I guess you can argue that corporatism has made the internet more accessible, to a degree. Really corporatism has only increased the exposure of a handful of social media sites. But that doesn't really change what their goal is, which is to squeeze money out of people trying to socialize.
Now that they have invaded what was once a space for enthusiasts and tech minds, made it into a people trap and scape money off the backend with metadata, the idea that they're now asking people directly for money that they can no longer make due to their government protecting them is grotesque and an absurd direction for services like these to go in.
Don't pretend like Facebook, youtube, et al don't make enough money hand over foot to just to cover their operating costs already. They're asking for money for profit. Billion dollar companies are now asking directly for profit because they can't extort a newly formed protection.
I suppose selling a better experience is one thing. There's legitimacy in that. Although selling a reprieve from a bad experience that you created (youtube) is a bit like creating a problem to sell the solution, which is still fucked.

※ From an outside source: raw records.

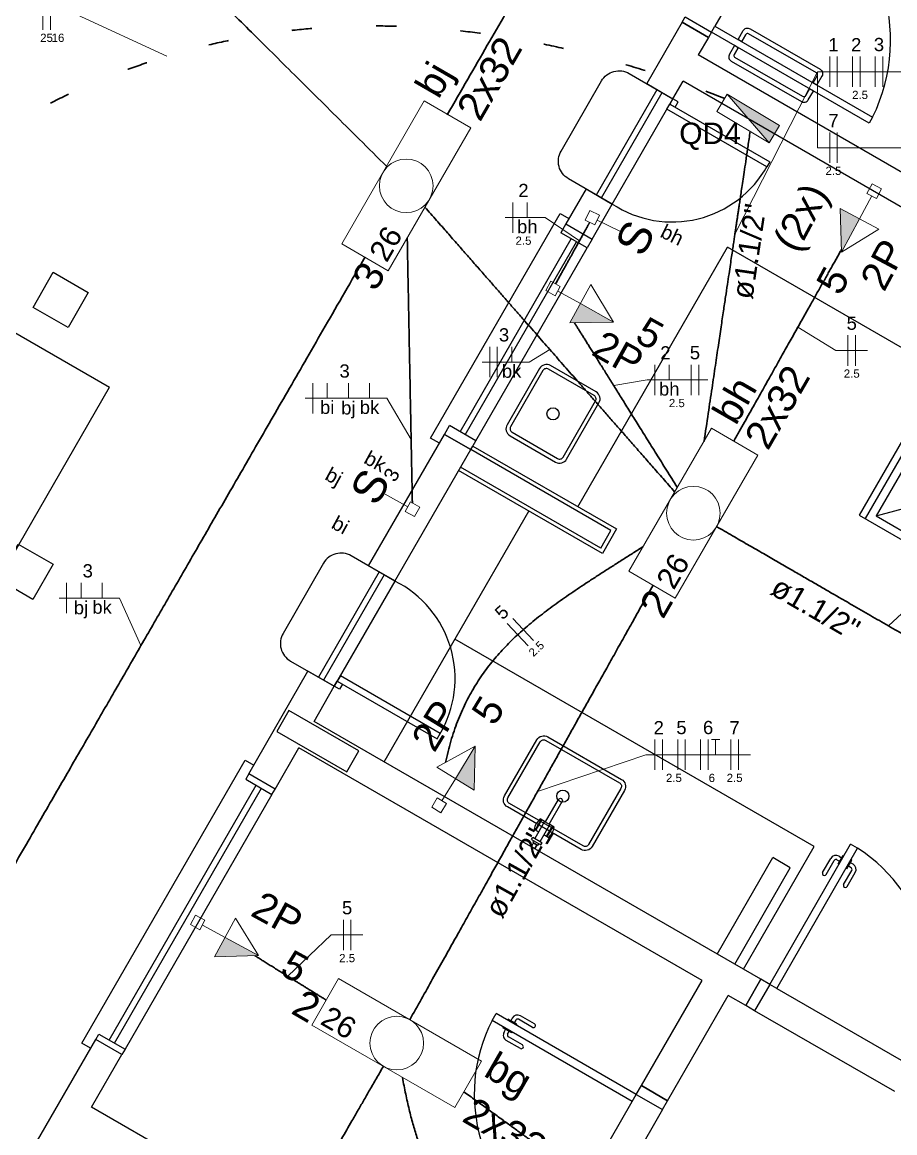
# Model space of a CAD drawing. Extents: x 175 to 700, y 53 to 250.
# Drawn here: x 496.88 to 501.19, y 187.74 to 193.22 of the extents above; entities that cross this region are included whole.
import ezdxf

# ---------------------------------------------------------------- set-up
doc = ezdxf.new("R2010")
doc.units = 0
doc.header["$LTSCALE"] = 2
doc.linetypes.add('CONTINU', pattern=[0])
doc.linetypes.add('DOT2', pattern=[3.175, 0, -3.175])
for name, color, linetype in [('A-PARED', 5, 'CONTINUOUS'), ('A-PAREDE', 5, 'CONTINUOUS'), ('A-PISOS-NIVEL', 1, 'CONTINUOUS'), ('A-SOLEIRA', 1, 'CONTINUOUS'), ('ARQ-ALV-CORTE', 5, 'CONTINUOUS'), ('ARQ-BNC-VISTA', 1, 'CONTINUOUS'), ('ARQ-ESQ-CORTE', 3, 'CONTINUOUS'), ('ARQ-ESQ-VISTA1', 2, 'CONTINUOUS'), ('ARQ-MOB-VISTA', 1, 'CONTINU')]:
    doc.layers.add(name, color=color, linetype=linetype)
for name, color, linetype, lineweight in [('EL-Condutos', 4, 'CONTINUOUS', 30), ('EL-Fios', 9, 'CONTINUOUS', 20), ('EL-Textos condutos', 7, 'CONTINUOUS', 20), ('EL-Textos fios', 7, 'CONTINUOUS', 20), ('EL-Textos pontos', 5, 'CONTINUOUS', 20), ('P-SIMBOL', 5, 'CONTINUOUS', 20)]:
    doc.layers.add(name, color=color, linetype=linetype, lineweight=lineweight)
doc.styles.add('Arial', font='arial.ttf')

msp = doc.modelspace()

# ---------------------------------------------------------------- hatches: boundary and pattern name
at = {"layer": 'P-SIMBOL', "linetype": 'Continuous'}
for points in [[(500.5743, 192.6255), (500.6254, 192.7113), (500.367, 192.8654)], [(501.0203, 192.2499), (500.9317, 192.0847), (500.9249, 192.3011)], [(499.6407, 191.8308), (499.8046, 191.7397), (499.5882, 191.7362)], [(499.0232, 189.4844), (499.1213, 189.6442), (499.1155, 189.4277)], [(497.8851, 188.7003), (498.0498, 188.6105), (497.8333, 188.6052)]]:
    msp.add_hatch(color=256, dxfattribs=at).paths.add_polyline_path(points)

# ---------------------------------------------------------------- linework, layer by layer
at = {"layer": 'A-PARED', "color": 251}
msp.add_lwpolyline([(497.0353, 190.5432), (496.9353, 190.37), (496.7621, 190.47), (496.8621, 190.6432)], close=True, dxfattribs=at)
at = {"layer": 'A-PAREDE', "color": 251}
for p, q in [((504.078, 190.8356), (500.2233, 193.0591)), ((504.0031, 190.7057), (500.1484, 192.9291)), ((500.5335, 188.4933), (498.3246, 189.7674)), ((498.1317, 189.4329), (498.2497, 189.6375)), ((500.242, 188.4883), (498.2497, 189.6375)), ((498.1317, 189.4329), (498.0017, 189.5078)), ((499.4175, 189.2308), (499.4476, 189.2828)), ((499.421, 189.2288), (499.451, 189.2808)), ((499.4643, 189.2731), (499.4424, 189.2858)), ((499.4735, 189.1985), (499.5035, 189.2505)), ((499.5121, 189.2455), (499.4903, 189.2581)), ((499.4343, 189.2212), (499.4123, 189.2338)), ((499.4822, 189.1935), (499.4603, 189.2062)), ((499.477, 189.1965), (499.5069, 189.2485)), ((496.7714, 187.3748), (497.2454, 188.1965)), ((497.3753, 188.1216), (497.2454, 188.1965)), ((497.2254, 187.8617), (497.3753, 188.1216)), ((499.2177, 186.7125), (497.2254, 187.8617))]:
    msp.add_line(p, q, dxfattribs=at)
for points in [[(497.0357, 191.9856), (497.2089, 191.8856), (497.1089, 191.7124), (496.9357, 191.8124)], [(499.5015, 189.217), (499.5058, 189.2145), (499.4758, 189.1625), (499.4715, 189.165)]]:
    msp.add_lwpolyline(points, close=True, dxfattribs=at)
for points in [[(499.2657, 189.3991), (499.4256, 189.6763, -0.414214), (499.4802, 189.691), (499.844, 189.4811, -0.414214), (499.8587, 189.4265), (499.6988, 189.1493, -0.414214), (499.6442, 189.1346), (499.2804, 189.3445, -0.414214)], [(499.283, 189.3891), (499.4429, 189.6663, -0.414214), (499.4702, 189.6737), (499.834, 189.4638, -0.414214), (499.8414, 189.4365), (499.6815, 189.1593, -0.414214), (499.6542, 189.152), (499.2904, 189.3618, -0.414214)]]:
    msp.add_lwpolyline(points, format="xyb", close=True, dxfattribs=at)
for points in [[(499.4684, 189.2708), (499.5327, 189.3823)], [(499.4862, 189.2605), (499.5506, 189.372)], [(499.5457, 189.3867), (499.5468, 189.3861)], [(499.4643, 189.2731), (499.4153, 189.1882)], [(499.4903, 189.2581), (499.4413, 189.1732)], [(499.4643, 189.2731), (499.4903, 189.2581)], [(499.4095, 189.1688), (499.3985, 189.1496)], [(499.3985, 189.1496), (499.399, 189.1477)], [(499.3985, 189.1496), (499.4156, 189.1397)], [(499.3987, 189.1485), (499.4097, 189.1675)], [(499.3989, 189.1838), (499.4041, 189.1928)], [(499.3989, 189.1838), (499.4457, 189.1568)], [(499.399, 189.1477), (499.4004, 189.1469)], [(499.4004, 189.1469), (499.4145, 189.1388)], [(499.4093, 189.1778), (499.4055, 189.1711)], [(499.4055, 189.1711), (499.4314, 189.1561)], [(499.4503, 189.168), (499.4063, 189.1934)], [(499.409, 189.1679), (499.4262, 189.158)], [(499.4152, 189.139), (499.4262, 189.158)], [(499.4274, 189.1585), (499.4163, 189.1393)], [(499.4269, 189.1576), (499.4262, 189.158)], [(499.4353, 189.1628), (499.4314, 189.1561)], [(499.4457, 189.1568), (499.4509, 189.1658)], [(499.4163, 189.1393), (499.4145, 189.1388)]]:
    msp.add_lwpolyline(points, dxfattribs=at)
for points in [[(499.5327, 189.3823, -1), (499.5506, 189.372)], [(499.4041, 189.1928, -0.414208), (499.4063, 189.1934)], [(499.4503, 189.168, -0.414212), (499.4509, 189.1658)]]:
    msp.add_lwpolyline(points, format="xyb", dxfattribs=at)
msp.add_circle((499.5538, 189.3983), 0.03, dxfattribs=at)
for centre, start, end in [((499.5031, 189.216), 131.0295, 168.8788), ((499.4213, 189.2632), 311.1668, 349.0161)]:
    msp.add_arc(centre, 0.0925, start, end, dxfattribs=at)
at = {"layer": 'A-PISOS-NIVEL', "color": 251}
for p in [(493.9757, 193.3438), (494.1789, 185.9825)]:
    msp.add_line(p, (497.3142, 191.4181), dxfattribs=at)
at = {"layer": 'A-SOLEIRA', "color": 251}
for p, q in [((500.6115, 188.4483), (501.2698, 188.0686)), ((501.1949, 187.9387), (500.5019, 188.3384))]:
    msp.add_line(p, q, dxfattribs=at)
at = {"layer": 'ARQ-ALV-CORTE', "color": 251}
for p, q in [((500.708, 193.8993), (500.3058, 193.202)), ((500.1434, 193.2206), (499.9685, 192.9175)), ((500.2733, 193.1457), (500.1434, 193.2206)), ((500.1434, 193.2206), (500.2733, 193.1457)), ((500.2733, 193.1457), (500.2233, 193.0591)), ((500.2733, 193.1457), (500.2233, 193.0591)), ((500.0984, 192.8425), (500.1484, 192.9291)), ((499.72, 192.3681), (500.0198, 192.8879)), ((499.746, 192.3532), (500.0458, 192.8729)), ((499.9685, 192.9175), (500.0984, 192.8425)), ((499.7986, 192.3228), (500.0984, 192.8425)), ((499.6687, 192.3977), (499.5688, 192.2245)), ((499.6687, 192.3977), (499.7986, 192.3228)), ((499.6987, 192.1495), (499.7986, 192.3228)), ((499.5688, 192.2245), (499.5438, 192.1812)), ((499.5688, 192.2245), (499.6987, 192.1495)), ((499.6737, 192.1062), (499.5438, 192.1812)), ((499.6987, 192.1495), (499.6737, 192.1062)), ((501.5817, 191.7622), (501.0182, 190.7862)), ((501.612, 191.7447), (501.0485, 190.7687)), ((501.6274, 191.6913), (501.1024, 190.782)), ((498.9692, 191.185), (498.9942, 191.2283)), ((499.1241, 191.1534), (498.9942, 191.2283)), ((498.5944, 190.5353), (498.9692, 191.185)), ((498.9692, 191.185), (499.0991, 191.1101)), ((499.0991, 191.1101), (498.9692, 191.185)), ((498.7244, 190.4605), (499.0991, 191.1101)), ((501.0182, 190.7862), (501.7457, 190.3662)), ((501.1024, 190.782), (501.2874, 190.8316)), ((501.1024, 190.782), (501.7087, 190.432)), ((498.5969, 190.5341), (498.7268, 190.4592)), ((498.7268, 190.4592), (498.5969, 190.5341)), ((498.6457, 190.5058), (498.3459, 189.986)), ((498.6717, 190.4908), (498.3719, 189.971)), ((498.7244, 190.4604), (498.4246, 189.9407)), ((500.7967, 189.1496), (499.0209, 190.1739)), ((498.0017, 189.5078), (498.2946, 190.0156)), ((498.4246, 189.9407), (498.2946, 190.0156)), ((498.4246, 189.9407), (498.2946, 190.0156)), ((498.3246, 189.7674), (498.4246, 189.9407)), ((500.4469, 188.5433), (500.7967, 189.1496)), ((500.5768, 188.4683), (500.9766, 189.1613)), ((500.6115, 188.4483), (501.0112, 189.1413)), ((500.317, 188.6182), (500.5918, 189.0946)), ((500.6784, 189.0447), (500.5918, 189.0946)), ((500.4036, 188.5682), (500.6784, 189.0447)), ((500.5768, 188.4683), (500.5335, 188.4933)), ((500.5768, 188.4683), (500.5019, 188.3384)), ((500.6115, 188.4483), (500.5768, 188.4683))]:
    msp.add_line(p, q, dxfattribs=at)
for points in [[(500.2883, 193.1717), (500.2733, 193.1457), (500.1434, 193.2206), (500.1584, 193.2466)], [(501.0854, 192.7523), (501.0679, 192.722), (500.2883, 193.1717), (500.3058, 193.202)], [(498.5467, 189.622), (498.2002, 189.8219), (498.1403, 189.7179), (498.4867, 189.5181)]]:
    msp.add_lwpolyline(points, close=True, dxfattribs=at)
for points in [[(500.4389, 193.1252), (500.4588, 193.1599), (500.4389, 193.1252), (500.4202, 193.136), (500.4451, 193.1793, -0.414214), (500.4793, 193.1885), (500.8258, 192.9886, -0.414214), (500.8349, 192.9545), (500.81, 192.9112), (500.7913, 192.922), (500.8113, 192.9566, 0.414214), (500.8076, 192.9703), (500.4725, 193.1635, 0.414214), (500.4588, 193.1599)], [(500.4214, 193.0949), (500.4014, 193.0603), (500.4214, 193.0949), (500.4027, 193.1057), (500.3777, 193.0624, 0.414214), (500.3869, 193.0282), (500.7333, 192.8284, 0.414214), (500.7675, 192.8375), (500.7925, 192.8809), (500.7738, 192.8916), (500.7538, 192.857, -0.414214), (500.7401, 192.8533), (500.405, 193.0466, -0.414214), (500.4014, 193.0603)], [(499.7986, 192.3228), (499.5821, 192.4477, -0.414214), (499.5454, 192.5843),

For some of us with smaller bladders it can be a problem. Installing the https://runpee.com/ app has been a game changer going to the movies. Tells you the best times to go pee and not miss anything.
I just love the pause button, but then while I enjoyed collective effervescence as a young boy watching Star Wars I get spooked by culty-acting crowds as an old man.
This old blog bit of mine might be relevant. TLDR: The owner / executive class is always on the market for stupid cruel ways to enhance revenues, increase productivity or just seize more control of workers and customers, even when these schemes have the opposite effect. And when they are implemented, we'll find ways to hack, circumvent or exploit the new paradigm.